El muchacho siguió observándolo como si no lo hubiera entendido, y luego miró hacia sus amigos. El Conde pensó que se imponía una explicación.
– Hace tiempo que no juego y me dieron ganas de coger unas cuantas pelotas…
Entonces Rubén se acercó a los otros jugadores, para no cargar él solo con el peso de la decisión. En este país es mejor consultarlo todo, pensó el Conde, mientras esperaba el veredicto. Las opiniones parecían divididas y el acuerdo demoró más de lo previsible.
– Está bien -dijo al fin Rubén, en su función de intermediario, pero ni él ni los otros parecían complacidos ante aquella concesión.
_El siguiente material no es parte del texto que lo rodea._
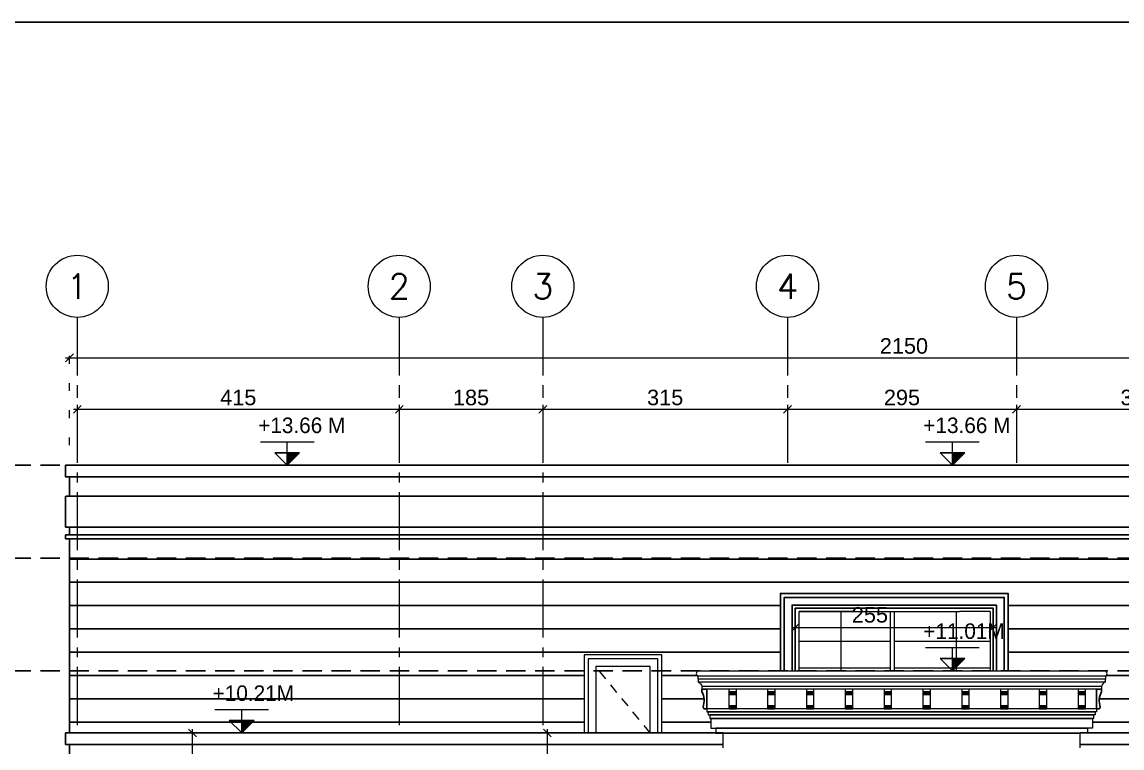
# Model space of a CAD drawing. Header units: millimetres. Extents: x -11627 to -10952, y 10244 to 10588.
# Drawn here: x -11110.8 to -11096.63, y 10419.96 to 10429.31 of the extents above; entities that cross this region are included whole.
import ezdxf
from ezdxf.enums import TextEntityAlignment as Align

# ---------------------------------------------------------------- set-up
doc = ezdxf.new("R2010")
doc.units = ezdxf.units.MM
doc.header["$PDMODE"] = 35
for name, pattern in [('DOT', [0.25, 0, -0.25]), ('GROUND FLOOR XREF - option 3$0$FATHER FR$0$CENTER2', [1.125, 0.75, -0.125, 0.125, -0.125]), ('HIDDEN', [0.375, 0.25, -0.125]), ('HIDDEN2', [0.1875, 0.125, -0.0625])]:
    doc.linetypes.add(name, pattern=pattern)
doc.layers.get('0').update_dxf_attribs({"lineweight": 5})
doc.layers.get('DEFPOINTS').update_dxf_attribs({"lineweight": 5})
for name, color, linetype, lineweight in [('A-AXIS LINE', 8, 'GROUND FLOOR XREF - option 3$0$FATHER FR$0$CENTER2', 0), ('A-AXIS TEXT', 54, 'Continuous', 9), ('A-GEN DIMS INTERNAL', 86, 'Continuous', 5), ('A-LEVEL TAG', 23, 'Continuous', 9), ('BORDER A1', 7, 'Continuous', 100), ('DOORS-WINDOWS-Hidden', 5, 'HIDDEN2', 9), ('ELEV-BLUE', 32, 'Continuous', 9), ('ELEV-MAGENTA', 6, 'Continuous', 5), ('elev.', 42, 'Continuous', 5), ('Title Block', 7, 'Continuous', 0)]:
    doc.layers.add(name, color=color, linetype=linetype, lineweight=lineweight)
for name, color, linetype in [('A-ELEV 01', 7, 'Continuous'), ('A-ELEV FAR', 8, 'Continuous'), ('A-ELEV MOULDING', 15, 'Continuous'), ('A-ELEV WINDOW', 150, 'Continuous'), ('A-OUTER DIMENSION', 52, 'Continuous'), ('A-REFLECT UP', 8, 'HIDDEN'), ('A-ROOF 01', 36, 'Continuous'), ('INSERT TEXT', 1, 'Continuous')]:
    doc.layers.add(name, color=color, linetype=linetype)
doc.styles.add('Axis-Circle', font='ROMANS.shx', dxfattribs={"height": 0.4})
doc.styles.add('EUROROMAN', font='eur_____.pfb', dxfattribs={"width": 0.8, "height": 0.2})
doc.styles.add('GROUND FLOOR XREF - option 3$0$STYLE1', font='arial.ttf', dxfattribs={"height": 0.2})
doc.styles.add('SIMPLEX', font='romans.shx', dxfattribs={"width": 0.75})
doc.dimstyles.new('D100', dxfattribs={"dimtxt": 0.2, "dimasz": 0.1, "dimexe": 0.18, "dimexo": 0.0625, "dimgap": 0.1, "dimtad": 1, "dimzin": 0, "dimdsep": 46, "dimtxsty": 'SIMPLEX', "dimblk": 'DOT1', "dimcen": 0.1, "dimse1": 1, "dimse2": 1, "dimclrd": 256, "dimclre": 256, "dimclrt": 256, "dimadec": 0, "dimazin": 0, "dimtfac": 5, "dimtix": 1, "dimtmove": 2, "dimatfit": 3, "dimfxl": 1, "dimtolj": 1, "dimtzin": 0, "dimlwd": -1, "dimlwe": -1, "dimarcsym": 0})
doc.dimstyles.new('DIM 100', dxfattribs={"dimtxt": 0.2, "dimasz": 0.1, "dimexe": 0.15, "dimexo": 0.2, "dimgap": 0.05, "dimtad": 1, "dimdec": 0, "dimlfac": 100, "dimzin": 1, "dimdsep": 46, "dimtxsty": 'GROUND FLOOR XREF - option 3$0$STYLE1', "dimblk": 'OBLIQUE', "dimcen": 0.02, "dimdle": 0.05, "dimclrd": 256, "dimclre": 6, "dimclrt": 3, "dimadec": 1, "dimazin": 0, "dimtfac": 0.9, "dimtdec": 0, "dimtix": 1, "dimtofl": 0, "dimtmove": 2, "dimatfit": 3, "dimldrblk": 'ARCHTICK', "dimfxl": 1, "dimtolj": 1, "dimtzin": 12, "dimlwd": -1, "dimlwe": -1, "dimarcsym": 0})

# ---------------------------------------------------------------- blocks, each defined once
blk = doc.blocks.new('_Oblique')
at = {"color": 0, "linetype": 'ByBlock', "lineweight": -2}
blk.add_line((-0.5, -0.5), (0.5, 0.5), dxfattribs=at)
blk = doc.blocks.new('*D36')
at = {"layer": 'A-GEN DIMS INTERNAL', "color": 6, "linetype": 'DOT', "transparency": 16777216}
for p, q in [((-11104.234, 10420.156), (-11104.184, 10420.156)), ((-11104.234, 10418.956), (-11104.184, 10418.956))]:
    blk.add_line(p, q, dxfattribs=at)
at = {"layer": 'A-GEN DIMS INTERNAL', "transparency": 16777216}
blk.add_line((-11104.034, 10418.906), (-11104.034, 10420.206), dxfattribs=at)
at = {"layer": 'DEFPOINTS', "color": 0, "transparency": 16777216}
for p in [(-11104.034, 10420.156, 5.562), (-11104.034, 10420.156), (-11104.034, 10418.956, 0.001)]:
    blk.add_point(p, dxfattribs=at)
at = {"layer": 'A-GEN DIMS INTERNAL', "transparency": 16777216, "xscale": 0.1, "yscale": 0.1, "zscale": 0.1}
for p, rotation in [((-11104.034, 10420.156), 90), ((-11104.034, 10418.956), 270)]:
    blk.add_blockref('_Oblique', p, dxfattribs=dict(at, rotation=rotation))
at = {"layer": 'A-GEN DIMS INTERNAL', "color": 3, "transparency": 16777216, "insert": (-11104.186, 10419.556), "char_height": 0.2, "attachment_point": 5, "rotation": 90, "style": 'GROUND FLOOR XREF - option 3$0$STYLE1'}
blk.add_mtext('\\A1;120', dxfattribs=at)
blk = doc.blocks.new('_ArchTick')
at = {"color": 0, "linetype": 'ByBlock', "const_width": 0.15}
blk.add_lwpolyline([(-0.5, -0.5), (0.5, 0.5)], dxfattribs=at)
blk = doc.blocks.new('*D41')
at = {"layer": 'A-GEN DIMS INTERNAL', "color": 6, "linetype": 'DOT', "transparency": 16777216}
for p, q in [((-11108.806, 10420.156), (-11108.756, 10420.156)), ((-11108.806, 10418.956), (-11108.756, 10418.956))]:
    blk.add_line(p, q, dxfattribs=at)
at = {"layer": 'A-GEN DIMS INTERNAL', "transparency": 16777216}
blk.add_line((-11108.606, 10418.906), (-11108.606, 10420.206), dxfattribs=at)
at = {"layer": 'DEFPOINTS', "color": 0, "transparency": 16777216}
for p in [(-11108.606, 10420.156, 5.562), (-11108.606, 10420.156), (-11108.606, 10418.956)]:
    blk.add_point(p, dxfattribs=at)
at = {"layer": 'A-GEN DIMS INTERNAL', "transparency": 16777216, "xscale": 0.1, "yscale": 0.1, "zscale": 0.1}
for p, rotation in [((-11108.606, 10420.156), 90), ((-11108.606, 10418.956), 270)]:
    blk.add_blockref('_Oblique', p, dxfattribs=dict(at, rotation=rotation))
at = {"layer": 'A-GEN DIMS INTERNAL', "color": 3, "transparency": 16777216, "insert": (-11108.758, 10419.556), "char_height": 0.2, "attachment_point": 5, "rotation": 90, "style": 'GROUND FLOOR XREF - option 3$0$STYLE1'}
blk.add_mtext('\\A1;120', dxfattribs=at)
blk = doc.blocks.new('LVL')
for p, q in [((-0.627, 0.301), (0.066, 0.301)), ((-0.28, 0), (-0.28, 0.301)), ((-0.121, 0.159), (-0.44, 0.159)), ((-0.28, 0), (-0.44, 0.159)), ((-0.28, 0), (-0.121, 0.159))]:
    blk.add_line(p, q)
blk.add_lwpolyline([(-0.44, 0.159), (-0.28, 0.159), (-0.28, 0), (-0.44, 0.159)])
blk.add_solid([(-0.121, 0.159), (-0.28, 0.159), (-0.28, 0)])
blk = doc.blocks.new('DOT1')
at = {"color": 0}
for p, q in [((0, -2), (0, 2)), ((-2, 0), (2, 0))]:
    blk.add_line(p, q, dxfattribs=at)
blk.add_circle((0, 0), 0.54, dxfattribs=at)
blk = doc.blocks.new('*D49')
at = {"layer": 'A-OUTER DIMENSION', "transparency": 16777216}
blk.add_line((-11113.75, 10423.506), (-11113.75, 10410.045), dxfattribs=at)
at = {"layer": 'DEFPOINTS', "color": 0, "transparency": 16777216}
for p in [(-11107.776, 10423.606, 0), (-11113.75, 10409.945), (-11110.103, 10409.945)]:
    blk.add_point(p, dxfattribs=at)
at = {"layer": 'A-OUTER DIMENSION', "transparency": 16777216, "xscale": 0.1, "yscale": 0.1, "zscale": 0.1}
for p, rotation in [((-11113.75, 10423.606), 90), ((-11113.75, 10409.945), 270)]:
    blk.add_blockref('DOT1', p, dxfattribs=dict(at, rotation=rotation))
at = {"layer": 'A-OUTER DIMENSION', "transparency": 16777216, "insert": (-11113.971, 10417.166), "char_height": 0.2, "attachment_point": 5, "rotation": 90, "style": 'SIMPLEX'}
blk.add_mtext('\\A1;13.66', dxfattribs=at)
blk = doc.blocks.new('Axis-Circle')
at = {"color": 0}
blk.add_circle((0, 0), 0.4, dxfattribs=at)
at = {"color": 4, "style": 'Axis-Circle'}
blk.add_attdef('NO', text='', height=0.32, dxfattribs=at).set_placement((0, 0), align=Align.MIDDLE_CENTER)
blk = doc.blocks.new('*D69')
at = {"layer": 'A-GEN DIMS INTERNAL', "color": 6, "linetype": 'DOT', "transparency": 16777216}
for p, q in [((-11110.19, 10423.861), (-11110.19, 10425.137)), ((-11088.69, 10423.861), (-11088.69, 10425.137))]:
    blk.add_line(p, q, dxfattribs=at)
at = {"layer": 'A-GEN DIMS INTERNAL', "transparency": 16777216}
blk.add_line((-11110.24, 10424.987), (-11088.64, 10424.987), dxfattribs=at)
at = {"layer": 'DEFPOINTS', "color": 0, "transparency": 16777216}
for p in [(-11088.69, 10424.987), (-11110.19, 10423.661), (-11088.69, 10423.661)]:
    blk.add_point(p, dxfattribs=at)
at = {"layer": 'A-GEN DIMS INTERNAL', "transparency": 16777216, "xscale": 0.1, "yscale": 0.1, "zscale": 0.1, "rotation": 180}
blk.add_blockref('_Oblique', (-11110.19, 10424.987), dxfattribs=at)
at = {"layer": 'A-GEN DIMS INTERNAL', "transparency": 16777216, "xscale": 0.1, "yscale": 0.1, "zscale": 0.1}
blk.add_blockref('_Oblique', (-11088.69, 10424.987), dxfattribs=at)
at = {"layer": 'A-GEN DIMS INTERNAL', "color": 3, "transparency": 16777216, "insert": (-11099.44, 10425.139), "char_height": 0.2, "attachment_point": 5, "style": 'GROUND FLOOR XREF - option 3$0$STYLE1'}
blk.add_mtext('\\A1;2150', dxfattribs=at)
blk = doc.blocks.new('*D72')
at = {"layer": 'A-GEN DIMS INTERNAL', "color": 6, "linetype": 'DOT', "transparency": 16777216}
for p, q in [((-11097.99, 10424.523), (-11097.99, 10424.473)), ((-11094.842, 10424.523), (-11094.842, 10424.473))]:
    blk.add_line(p, q, dxfattribs=at)
at = {"layer": 'A-GEN DIMS INTERNAL', "transparency": 16777216}
blk.add_line((-11094.792, 10424.323), (-11098.04, 10424.323), dxfattribs=at)
at = {"layer": 'DEFPOINTS', "color": 0, "transparency": 16777216}
for p in [(-11097.99, 10424.323), (-11097.99, 10424.323), (-11094.842, 10424.323)]:
    blk.add_point(p, dxfattribs=at)
at = {"layer": 'A-GEN DIMS INTERNAL', "transparency": 16777216, "xscale": 0.1, "yscale": 0.1, "zscale": 0.1, "rotation": 180}
blk.add_blockref('_Oblique', (-11097.99, 10424.323), dxfattribs=at)
at = {"layer": 'A-GEN DIMS INTERNAL', "transparency": 16777216, "xscale": 0.1, "yscale": 0.1, "zscale": 0.1}
blk.add_blockref('_Oblique', (-11094.842, 10424.323), dxfattribs=at)
at = {"layer": 'A-GEN DIMS INTERNAL', "color": 3, "transparency": 16777216, "insert": (-11096.416, 10424.475), "char_height": 0.2, "attachment_point": 5, "style": 'GROUND FLOOR XREF - option 3$0$STYLE1'}
blk.add_mtext('\\A1;315', dxfattribs=at)
blk = doc.blocks.new('*D73')
at = {"layer": 'A-GEN DIMS INTERNAL', "color": 6, "linetype": 'DOT', "transparency": 16777216}
for p, q in [((-11100.94, 10424.523), (-11100.94, 10424.473)), ((-11097.99, 10424.523), (-11097.99, 10424.473))]:
    blk.add_line(p, q, dxfattribs=at)
at = {"layer": 'A-GEN DIMS INTERNAL', "transparency": 16777216}
blk.add_line((-11097.94, 10424.323), (-11100.99, 10424.323), dxfattribs=at)
at = {"layer": 'DEFPOINTS', "color": 0, "transparency": 16777216}
for p in [(-11100.94, 10424.323), (-11100.94, 10424.323), (-11097.99, 10424.323)]:
    blk.add_point(p, dxfattribs=at)
at = {"layer": 'A-GEN DIMS INTERNAL', "transparency": 16777216, "xscale": 0.1, "yscale": 0.1, "zscale": 0.1, "rotation": 180}
blk.add_blockref('_Oblique', (-11100.94, 10424.323), dxfattribs=at)
at = {"layer": 'A-GEN DIMS INTERNAL', "transparency": 16777216, "xscale": 0.1, "yscale": 0.1, "zscale": 0.1}
blk.add_blockref('_Oblique', (-11097.99, 10424.323), dxfattribs=at)
at = {"layer": 'A-GEN DIMS INTERNAL', "color": 3, "transparency": 16777216, "insert": (-11099.465, 10424.475), "char_height": 0.2, "attachment_point": 5, "style": 'GROUND FLOOR XREF - option 3$0$STYLE1'}
blk.add_mtext('\\A1;295', dxfattribs=at)
blk = doc.blocks.new('*D74')
at = {"layer": 'A-GEN DIMS INTERNAL', "color": 6, "linetype": 'DOT', "transparency": 16777216}
for p, q in [((-11104.092, 10424.523), (-11104.092, 10424.473)), ((-11100.94, 10424.523), (-11100.94, 10424.473))]:
    blk.add_line(p, q, dxfattribs=at)
at = {"layer": 'A-GEN DIMS INTERNAL', "transparency": 16777216}
blk.add_line((-11100.89, 10424.323), (-11104.142, 10424.323), dxfattribs=at)
at = {"layer": 'DEFPOINTS', "color": 0, "transparency": 16777216}
for p in [(-11104.092, 10424.323), (-11104.092, 10424.323), (-11100.94, 10424.323)]:
    blk.add_point(p, dxfattribs=at)
at = {"layer": 'A-GEN DIMS INTERNAL', "transparency": 16777216, "xscale": 0.1, "yscale": 0.1, "zscale": 0.1, "rotation": 180}
blk.add_blockref('_Oblique', (-11104.092, 10424.323), dxfattribs=at)
at = {"layer": 'A-GEN DIMS INTERNAL', "transparency": 16777216, "xscale": 0.1, "yscale": 0.1, "zscale": 0.1}
blk.add_blockref('_Oblique', (-11100.94, 10424.323), dxfattribs=at)
at = {"layer": 'A-GEN DIMS INTERNAL', "color": 3, "transparency": 16777216, "insert": (-11102.516, 10424.475), "char_height": 0.2, "attachment_point": 5, "style": 'GROUND FLOOR XREF - option 3$0$STYLE1'}
blk.add_mtext('\\A1;315', dxfattribs=at)
blk = doc.blocks.new('*D75')
at = {"layer": 'A-GEN DIMS INTERNAL', "color": 6, "linetype": 'DOT', "transparency": 16777216}
for p, q in [((-11105.942, 10424.523), (-11105.942, 10424.473)), ((-11104.092, 10424.523), (-11104.092, 10424.473))]:
    blk.add_line(p, q, dxfattribs=at)
at = {"layer": 'A-GEN DIMS INTERNAL', "transparency": 16777216}
blk.add_line((-11104.042, 10424.323), (-11105.992, 10424.323), dxfattribs=at)
at = {"layer": 'DEFPOINTS', "color": 0, "transparency": 16777216}
for p in [(-11105.942, 10424.323), (-11105.942, 10424.323), (-11104.092, 10424.323)]:
    blk.add_point(p, dxfattribs=at)
at = {"layer": 'A-GEN DIMS INTERNAL', "transparency": 16777216, "xscale": 0.1, "yscale": 0.1, "zscale": 0.1, "rotation": 180}
blk.add_blockref('_Oblique', (-11105.942, 10424.323), dxfattribs=at)
at = {"layer": 'A-GEN DIMS INTERNAL', "transparency": 16777216, "xscale": 0.1, "yscale": 0.1, "zscale": 0.1}
blk.add_blockref('_Oblique', (-11104.092, 10424.323), dxfattribs=at)
at = {"layer": 'A-GEN DIMS INTERNAL', "color": 3, "transparency": 16777216, "insert": (-11105.017, 10424.475), "char_height": 0.2, "attachment_point": 5, "style": 'GROUND FLOOR XREF - option 3$0$STYLE1'}
blk.add_mtext('\\A1;185', dxfattribs=at)
blk = doc.blocks.new('*D76')
at = {"layer": 'A-GEN DIMS INTERNAL', "color": 6, "linetype": 'DOT', "transparency": 16777216}
for p, q in [((-11110.09, 10424.523), (-11110.09, 10424.473)), ((-11105.942, 10424.523), (-11105.942, 10424.473))]:
    blk.add_line(p, q, dxfattribs=at)
at = {"layer": 'A-GEN DIMS INTERNAL', "transparency": 16777216}
blk.add_line((-11105.892, 10424.323), (-11110.14, 10424.323), dxfattribs=at)
at = {"layer": 'DEFPOINTS', "color": 0, "transparency": 16777216}
for p in [(-11110.09, 10424.323), (-11110.09, 10424.323), (-11105.942, 10424.323)]:
    blk.add_point(p, dxfattribs=at)
at = {"layer": 'A-GEN DIMS INTERNAL', "transparency": 16777216, "xscale": 0.1, "yscale": 0.1, "zscale": 0.1, "rotation": 180}
blk.add_blockref('_Oblique', (-11110.09, 10424.323), dxfattribs=at)
at = {"layer": 'A-GEN DIMS INTERNAL', "transparency": 16777216, "xscale": 0.1, "yscale": 0.1, "zscale": 0.1}
blk.add_blockref('_Oblique', (-11105.942, 10424.323), dxfattribs=at)
at = {"layer": 'A-GEN DIMS INTERNAL', "color": 3, "transparency": 16777216, "insert": (-11108.016, 10424.475), "char_height": 0.2, "attachment_point": 5, "style": 'GROUND FLOOR XREF - option 3$0$STYLE1'}
blk.add_mtext('\\A1;415', dxfattribs=at)
blk = doc.blocks.new('*D297')
at = {"layer": 'A-GEN DIMS INTERNAL', "transparency": 16777216}
blk.add_line((-11100.89, 10421.514), (-11098.24, 10421.514), dxfattribs=at)
at = {"layer": 'A-GEN DIMS INTERNAL', "color": 6, "linetype": 'DOT', "transparency": 16777216}
for p, q in [((-11100.84, 10421.561), (-11100.84, 10421.364)), ((-11098.29, 10421.561), (-11098.29, 10421.364))]:
    blk.add_line(p, q, dxfattribs=at)
at = {"layer": 'DEFPOINTS', "color": 0, "transparency": 16777216}
for p in [(-11100.84, 10421.761), (-11098.29, 10421.761), (-11098.29, 10421.514)]:
    blk.add_point(p, dxfattribs=at)
at = {"layer": 'A-GEN DIMS INTERNAL', "transparency": 16777216, "xscale": 0.1, "yscale": 0.1, "zscale": 0.1, "rotation": 180}
blk.add_blockref('_Oblique', (-11100.84, 10421.514), dxfattribs=at)
at = {"layer": 'A-GEN DIMS INTERNAL', "transparency": 16777216, "xscale": 0.1, "yscale": 0.1, "zscale": 0.1}
blk.add_blockref('_Oblique', (-11098.29, 10421.514), dxfattribs=at)
at = {"layer": 'A-GEN DIMS INTERNAL', "color": 3, "transparency": 16777216, "insert": (-11099.878, 10421.676), "char_height": 0.2, "attachment_point": 5, "style": 'GROUND FLOOR XREF - option 3$0$STYLE1'}
blk.add_mtext('\\A1;255', dxfattribs=at)
blk = doc.blocks.new('ADM FRAME-A2')
at = {"layer": 'BORDER A1', "lineweight": 25}
blk.add_lwpolyline([(-58.529, 2.457), (-11.557, 2.457), (-11.557, 40.943), (-58.529, 40.943)], close=True, dxfattribs=at)
blk = doc.blocks.new('3')
at = {"layer": 'INSERT TEXT', "color": 9}
for p, q in [((-11110.19, 10422.396, 0), (-11088.69, 10422.396, 0)), ((-11110.19, 10422.096, 0), (-11088.69, 10422.096, 0)), ((-11110.19, 10421.796, 0), (-11101.031, 10421.796, 0)), ((-11098.098, 10421.796, 0), (-11088.69, 10421.796, 0)), ((-11110.19, 10421.496, 0), (-11101.031, 10421.496, 0)), ((-11098.098, 10421.496, 0), (-11088.69, 10421.496, 0)), ((-11110.19, 10421.196, 0), (-11101.031, 10421.196, 0)), ((-11098.098, 10421.196, 0), (-11088.69, 10421.196, 0)), ((-11110.19, 10420.896, 0), (-11103.558, 10420.896, 0)), ((-11102.559, 10420.896, 0), (-11102.107, 10420.896, 0)), ((-11096.831, 10420.896, 0), (-11088.69, 10420.896, 0)), ((-11110.19, 10420.596, 0), (-11103.558, 10420.596, 0)), ((-11102.559, 10420.596, 0), (-11102.015, 10420.596, 0)), ((-11096.923, 10420.596, 0), (-11088.69, 10420.596, 0)), ((-11110.19, 10420.296, 0), (-11103.558, 10420.296, 0)), ((-11102.559, 10420.296, 0), (-11101.928, 10420.296, 0)), ((-11097.009, 10420.296, 0), (-11088.69, 10420.296, 0))]:
    blk.add_line(p, q, dxfattribs=at)

msp = doc.modelspace()

# ---------------------------------------------------------------- linework, layer by layer
at = {"layer": 'A-AXIS LINE'}
for p, q in [((-11110.09, 10425.508), (-11110.09, 10420.156)), ((-11105.942, 10425.508), (-11105.942, 10420.156)), ((-11104.092, 10425.508), (-11104.092, 10420.156)), ((-11100.94, 10425.508), (-11100.94, 10423.561)), ((-11097.99, 10425.508), (-11097.99, 10423.561))]:
    msp.add_line(p, q, dxfattribs=at)
at = {"layer": 'A-ELEV 01'}
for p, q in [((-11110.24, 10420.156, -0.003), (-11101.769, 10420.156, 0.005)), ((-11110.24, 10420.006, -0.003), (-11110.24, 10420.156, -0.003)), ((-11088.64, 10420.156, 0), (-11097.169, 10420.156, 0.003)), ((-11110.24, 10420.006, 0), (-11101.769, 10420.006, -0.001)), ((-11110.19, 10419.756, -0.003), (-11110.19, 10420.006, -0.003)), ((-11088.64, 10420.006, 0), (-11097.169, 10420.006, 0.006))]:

Mientras discutían la formación de los equipos, el Conde se quitó la camisa y dobló dos veces los bajos de sus pantalones. Por suerte, ese día no había llevado la pistola al trabajo. Puso la camisa sobre el muro de la casa donde había vivido el gallego Enrique -muerto él también, hacía diez, ¿veinte?, ¿mil años?-, y al fin le dijeron que era del equipo de Rubén y que iba a servir al campo. Pero, al verse rodeado de los muchachos, sin camisa como ellos, el Conde sintió la evidencia de que todo resultaba demasiado absurdo y forzado: percibía en la piel la mirada socarrona de los jóvenes y pensó que tal vez debían de verlo como al primer misionero llegado a una tribu remota: era un extraño, con otras palabras y otras costumbres, y no le sería fácil integrarse a aquella cofradía que no lo había solicitado, ni lo quería, ni podía entenderlo. Además, todos aquellos muchachos debían de saber que él era policía y, respondiendo a la ética ancestral del barrio, no les resultaría especialmente grato que otros los vieran en tales confianzas con el Conde, por muy amigo que hubiera sido de sus padres o hermanos mayores. Sí, había ciertas cosas que no cambiaban en la esquina.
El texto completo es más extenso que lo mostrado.